▶ _WORK INSTRUCTION_
Read through the lines below for the string "Continuous" and copy each one that has it.
========================
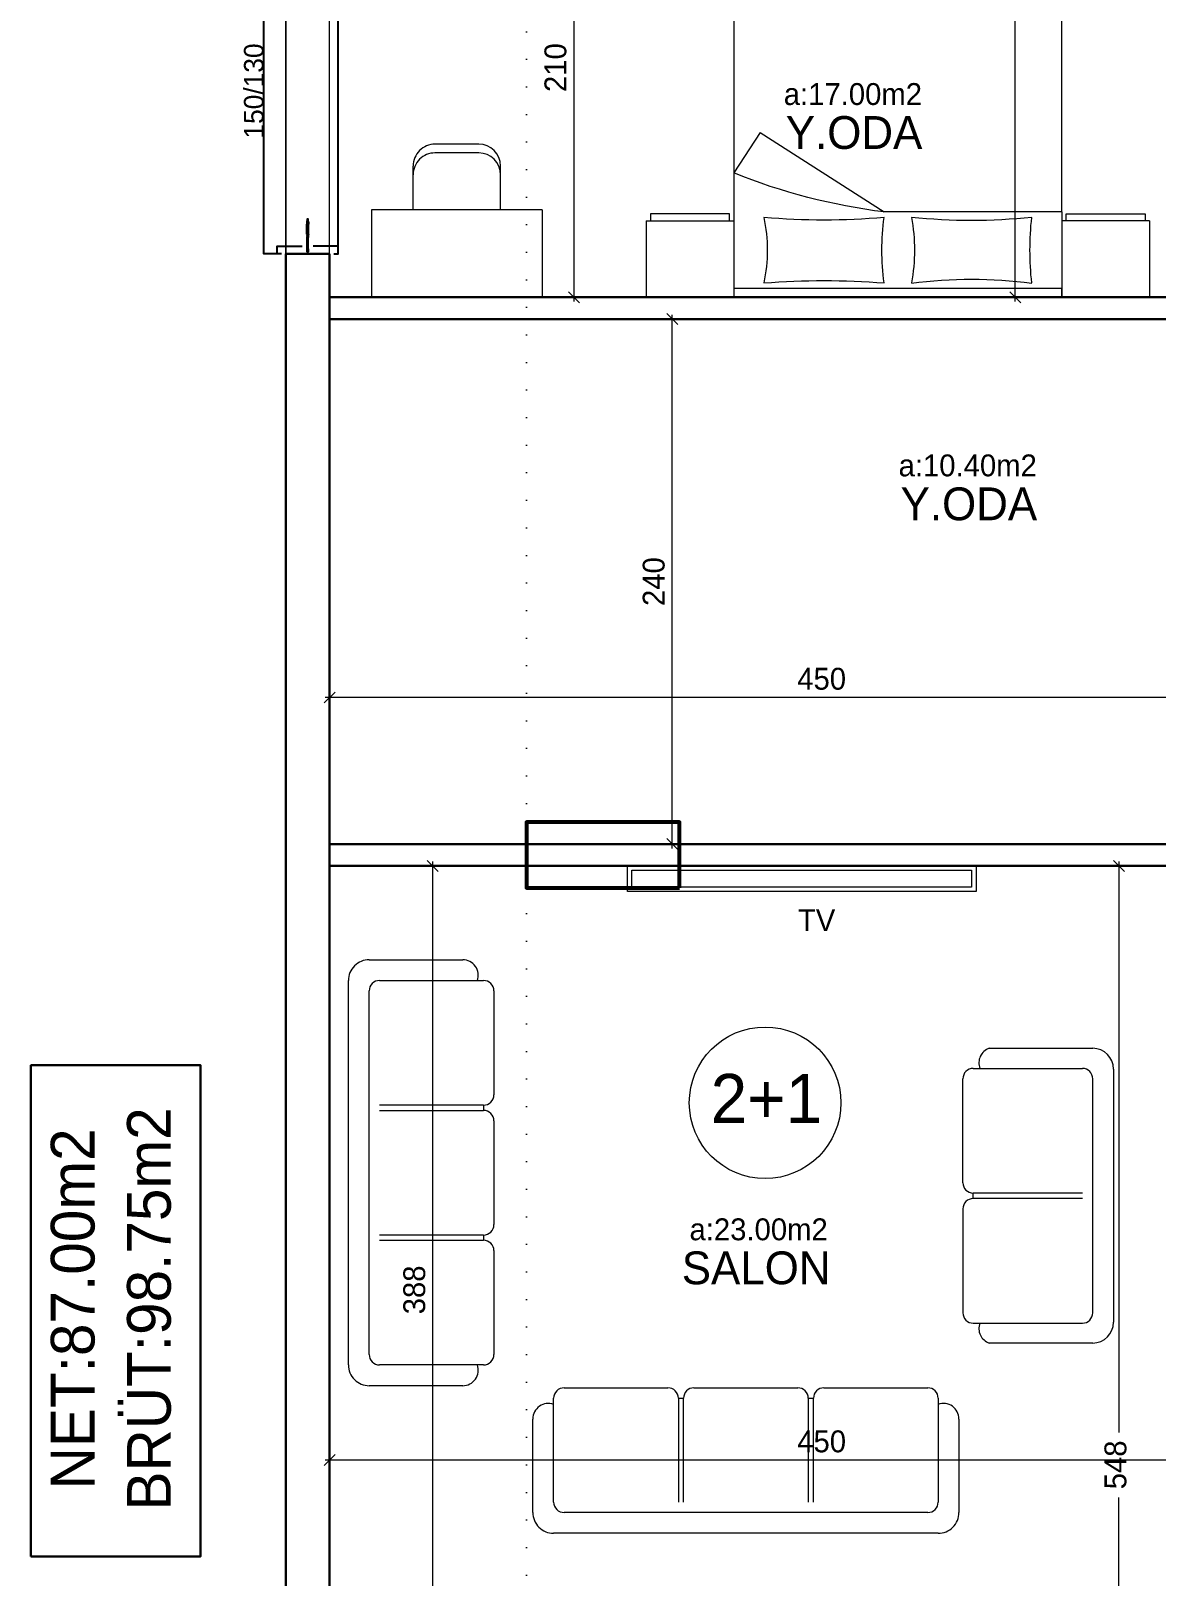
# Model space of a CAD drawing. Header units: centimetres. Extents: x 562865 to 1310255, y -148070 to 32737.
# Drawn here: x 591570 to 592084, y -17895 to -17188 of the extents above; entities that cross this region are included whole.
import ezdxf
from ezdxf.enums import TextEntityAlignment as Align

# ---------------------------------------------------------------- set-up
doc = ezdxf.new("R2010")
doc.units = ezdxf.units.CM
doc.header["$LTSCALE"] = 2.5
doc.linetypes.add('DOT', pattern=[0.25, 0, -0.25])
doc.layers.get('0').update_dxf_attribs({"color": 86})
for name, color, linetype, lineweight in [('ADAKENARI', 18, 'Continuous', 5), ('DUVAR', 4, 'Continuous', 30), ('duvar-kesim', 7, 'Continuous', 0), ('GÖRÜNÜŞLER', 96, 'Continuous', 25), ('iç ölçü', 106, 'Continuous', 18), ('kolon', 1, 'Continuous', 53)]:
    doc.layers.add(name, color=color, linetype=linetype, lineweight=lineweight)
for name, color, linetype in [('alan', 7, 'Continuous'), ('mahal', 7, 'Continuous'), ('penc-yazi', 7, 'Continuous'), ('pencere', 7, 'Continuous')]:
    doc.layers.add(name, color=color, linetype=linetype)
doc.styles.add('PINAR', font='comic.ttf')
doc.dimstyles.new('TEMİZ ÖLÇÜ', dxfattribs={"dimtxt": 10, "dimasz": 5, "dimexe": 1.8, "dimexo": 0.625, "dimgap": 3, "dimtad": 1, "dimdec": 0, "dimrnd": 0.5, "dimzin": 1, "dimdsep": 46, "dimtxsty": 'PINAR', "dimblk": 'OBLIQUE', "dimcen": 0.9, "dimdle": 2, "dimclrd": 256, "dimclre": 256, "dimclrt": 7, "dimadec": 0, "dimazin": 0, "dimtfac": 1, "dimtdec": 0, "dimtofl": 0, "dimtmove": 2, "dimatfit": 2, "dimfxl": 10, "dimfxlon": 1, "dimlwd": -1, "dimlwe": -1, "dimarcsym": 0})

# ---------------------------------------------------------------- blocks, each defined once
blk = doc.blocks.new('_Oblique')
at = {"color": 0, "linetype": 'ByBlock', "lineweight": -2}
blk.add_line((-0.5, -0.5), (0.5, 0.5), dxfattribs=at)
blk = doc.blocks.new('*D710')
at = {"layer": 'Defpoints', "color": 0}
for p in [(592019.67, -16959.97), (592037.03, -16959.97), (592057.03, -17309.97)]:
    blk.add_point(p, dxfattribs=at)
at = {"layer": 'iç ölçü'}
for p, q in [((592029.67, -16959.97), (592017.87, -16959.97)), ((592019.67, -17311.97), (592019.67, -16957.97)), ((592029.67, -17309.97), (592017.87, -17309.97))]:
    blk.add_line(p, q, dxfattribs=at)
at = {"layer": 'iç ölçü', "linetype": 'ByBlock', "xscale": 5, "yscale": 5, "zscale": 5}
for p, rotation in [((592019.67, -16959.97), 90), ((592019.67, -17309.97), 270)]:
    blk.add_blockref('_Oblique', p, dxfattribs=dict(at, rotation=rotation))
at = {"layer": 'iç ölçü', "color": 7, "insert": (592011.2, -17134.97), "char_height": 10, "attachment_point": 5, "rotation": 90, "style": 'PINAR'}
blk.add_mtext('350', dxfattribs=at)
blk = doc.blocks.new('*D714')
at = {"layer": 'Defpoints', "color": 0}
for p in [(591862.9, -17319.97), (591886.71, -17319.97), (591886.71, -17559.97)]:
    blk.add_point(p, dxfattribs=at)
at = {"layer": 'iç ölçü'}
for p, q in [((591872.9, -17319.97), (591861.1, -17319.97)), ((591862.9, -17561.97), (591862.9, -17317.97)), ((591872.9, -17559.97), (591861.1, -17559.97))]:
    blk.add_line(p, q, dxfattribs=at)
at = {"layer": 'iç ölçü', "linetype": 'ByBlock', "xscale": 5, "yscale": 5, "zscale": 5}
for p, rotation in [((591862.9, -17319.97), 90), ((591862.9, -17559.97), 270)]:
    blk.add_blockref('_Oblique', p, dxfattribs=dict(at, rotation=rotation))
at = {"layer": 'iç ölçü', "color": 7, "insert": (591854.49, -17439.97), "char_height": 10, "attachment_point": 5, "rotation": 90, "style": 'PINAR'}
blk.add_mtext('240', dxfattribs=at)
blk = doc.blocks.new('*D715')
at = {"layer": 'Defpoints', "color": 0}
for p in [(591706.28, -17492.96), (591706.28, -17515.71), (592156.11, -17515.71)]:
    blk.add_point(p, dxfattribs=at)
at = {"layer": 'iç ölçü'}
for p, q in [((591706.28, -17502.96), (591706.28, -17491.16)), ((592156.11, -17502.96), (592156.11, -17491.16)), ((592158.11, -17492.96), (591704.28, -17492.96))]:
    blk.add_line(p, q, dxfattribs=at)
at = {"layer": 'iç ölçü', "linetype": 'ByBlock', "xscale": 5, "yscale": 5, "zscale": 5, "rotation": 180}
blk.add_blockref('_Oblique', (591706.28, -17492.96), dxfattribs=at)
at = {"layer": 'iç ölçü', "linetype": 'ByBlock', "xscale": 5, "yscale": 5, "zscale": 5}
blk.add_blockref('_Oblique', (592156.11, -17492.96), dxfattribs=at)
at = {"layer": 'iç ölçü', "color": 7, "insert": (591931.2, -17484.47), "char_height": 10, "attachment_point": 5, "style": 'PINAR'}
blk.add_mtext('450', dxfattribs=at)
blk = doc.blocks.new('*D717')
at = {"layer": 'Defpoints', "color": 0}
for p in [(591706.28, -17841.63), (591706.28, -17869.58), (592156.11, -17869.58)]:
    blk.add_point(p, dxfattribs=at)
at = {"layer": 'iç ölçü'}
for p, q in [((592158.11, -17841.63), (591704.28, -17841.63)), ((591706.28, -17851.63), (591706.28, -17839.83)), ((592156.11, -17851.63), (592156.11, -17839.83))]:
    blk.add_line(p, q, dxfattribs=at)
at = {"layer": 'iç ölçü', "linetype": 'ByBlock', "xscale": 5, "yscale": 5, "zscale": 5, "rotation": 180}
blk.add_blockref('_Oblique', (591706.28, -17841.63), dxfattribs=at)
at = {"layer": 'iç ölçü', "linetype": 'ByBlock', "xscale": 5, "yscale": 5, "zscale": 5}
blk.add_blockref('_Oblique', (592156.11, -17841.63), dxfattribs=at)
at = {"layer": 'iç ölçü', "color": 7, "insert": (591931.2, -17833.14), "char_height": 10, "attachment_point": 5, "style": 'PINAR'}
blk.add_mtext('450', dxfattribs=at)
blk = doc.blocks.new('*D718')
at = {"layer": 'Defpoints', "color": 0}
for p in [(592067.05, -17569.97), (592068.13, -17569.97), (592066.41, -18117.68)]:
    blk.add_point(p, dxfattribs=at)
at = {"layer": 'iç ölçü'}
for p, q in [((592067.51, -17569.97), (592065.25, -17569.97)), ((592067.05, -17567.97), (592067.05, -17828.98)), ((592067.05, -18119.68), (592067.05, -17858.66)), ((592067.04, -18117.68), (592068.85, -18117.68))]:
    blk.add_line(p, q, dxfattribs=at)
at = {"layer": 'iç ölçü', "linetype": 'ByBlock', "xscale": 5, "yscale": 5, "zscale": 5}
for p, rotation in [((592067.05, -17569.97), 90), ((592067.05, -18117.68), 270)]:
    blk.add_blockref('_Oblique', p, dxfattribs=dict(at, rotation=rotation))
at = {"layer": 'iç ölçü', "color": 7, "insert": (592065.54, -17843.82), "char_height": 10, "attachment_point": 5, "rotation": 90, "style": 'PINAR'}
blk.add_mtext('548', dxfattribs=at)
blk = doc.blocks.new('*D719')
at = {"layer": 'Defpoints', "color": 0}
for p in [(591753.41, -17569.97), (591761.28, -17569.97), (591761.28, -17957.68)]:
    blk.add_point(p, dxfattribs=at)
at = {"layer": 'iç ölçü'}
for p, q in [((591760.66, -17569.97), (591751.61, -17569.97)), ((591753.41, -17959.68), (591753.41, -17567.97)), ((591760.66, -17957.68), (591751.61, -17957.68))]:
    blk.add_line(p, q, dxfattribs=at)
at = {"layer": 'iç ölçü', "linetype": 'ByBlock', "xscale": 5, "yscale": 5, "zscale": 5}
for p, rotation in [((591753.41, -17569.97), 90), ((591753.41, -17957.68), 270)]:
    blk.add_blockref('_Oblique', p, dxfattribs=dict(at, rotation=rotation))
at = {"layer": 'iç ölçü', "color": 7, "insert": (591745.06, -17763.82), "char_height": 10, "attachment_point": 5, "rotation": 90, "style": 'PINAR'}
blk.add_mtext('388', dxfattribs=at)
blk = doc.blocks.new('A$C652E4B45')
for p, q in [((0, 200), (40, 200)), ((0, 165), (0, 200)), ((40, 165), (40, 200)), ((230, 200), (190, 200)), ((190, 165), (190, 200)), ((230, 165), (230, 200)), ((40, 143.16), (40, 196)), ((40, 161), (40, 196)), ((190, 161), (190, 196)), ((0, 165), (40, 165)), ((230, 165), (190, 165)), ((40, 0), (40, 4)), ((189.99, 4), (190, 0)), ((190, 0), (40, 0))]:
    blk.add_line(p, q)
at = {"color": 42}
for p, q in [((2, 161.8), (2, 165)), ((38, 165), (38, 161.8)), ((192, 165), (192, 161.8)), ((228, 161.8), (228, 165)), ((38, 161.8), (2, 161.8)), ((52.14, 124.69), (108.77, 161)), ((189.99, 161), (108.77, 161)), ((189.99, 161), (189.99, 4)), ((192, 161.8), (228, 161.8)), ((52.14, 124.69), (40, 143.15)), ((40, 4), (40, 143.15)), ((190, 4), (40, 4))]:
    blk.add_line(p, q, dxfattribs=at)
blk.add_lwpolyline([(40, 200), (190, 200), (190, 196), (40, 196)], close=True)
for centre, radius, start, end in [((-17.22, 178.48), 72.55, 348.06799, 11.93201), ((81.27, 527.83), 335.48, 265.2981, 274.7019), ((219.43, 178.48), 111.68, 172.28082, 187.71918), ((148.73, 412.86), 221.09, 262.85499, 277.14501), ((39.71, 178.48), 82.89, 349.57411, 10.42589), ((312.08, 178.48), 136.67, 173.69908, 186.30092), ((81.27, -141.41), 306.13, 84.84604, 95.15396), ((148.73, -94.37), 259.31, 83.91241, 96.08759), ((40, 161), 0.005, 180, 270), ((189.99, 161), 0.005, 270, 0), ((40, 143.16), 0.005, 180, 292.0158)]:
    blk.add_arc(centre, radius, start, end)
blk.add_arc((142.49, -110.3), 273.39, 97.08581, 112.0158, dxfattribs=at)
blk = doc.blocks.new('fm-win2')
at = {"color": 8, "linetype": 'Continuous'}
========================
▶ _RESPONSE BELOW_
for name, color, linetype, lineweight in [('ADAKENARI', 18, 'Continuous', 5), ('DUVAR', 4, 'Continuous', 30), ('duvar-kesim', 7, 'Continuous', 0), ('GÖRÜNÜŞLER', 96, 'Continuous', 25), ('iç ölçü', 106, 'Continuous', 18), ('kolon', 1, 'Continuous', 53)]:
for name, color, linetype in [('alan', 7, 'Continuous'), ('mahal', 7, 'Continuous'), ('penc-yazi', 7, 'Continuous'), ('pencere', 7, 'Continuous')]:
at = {"color": 8, "linetype": 'Continuous'}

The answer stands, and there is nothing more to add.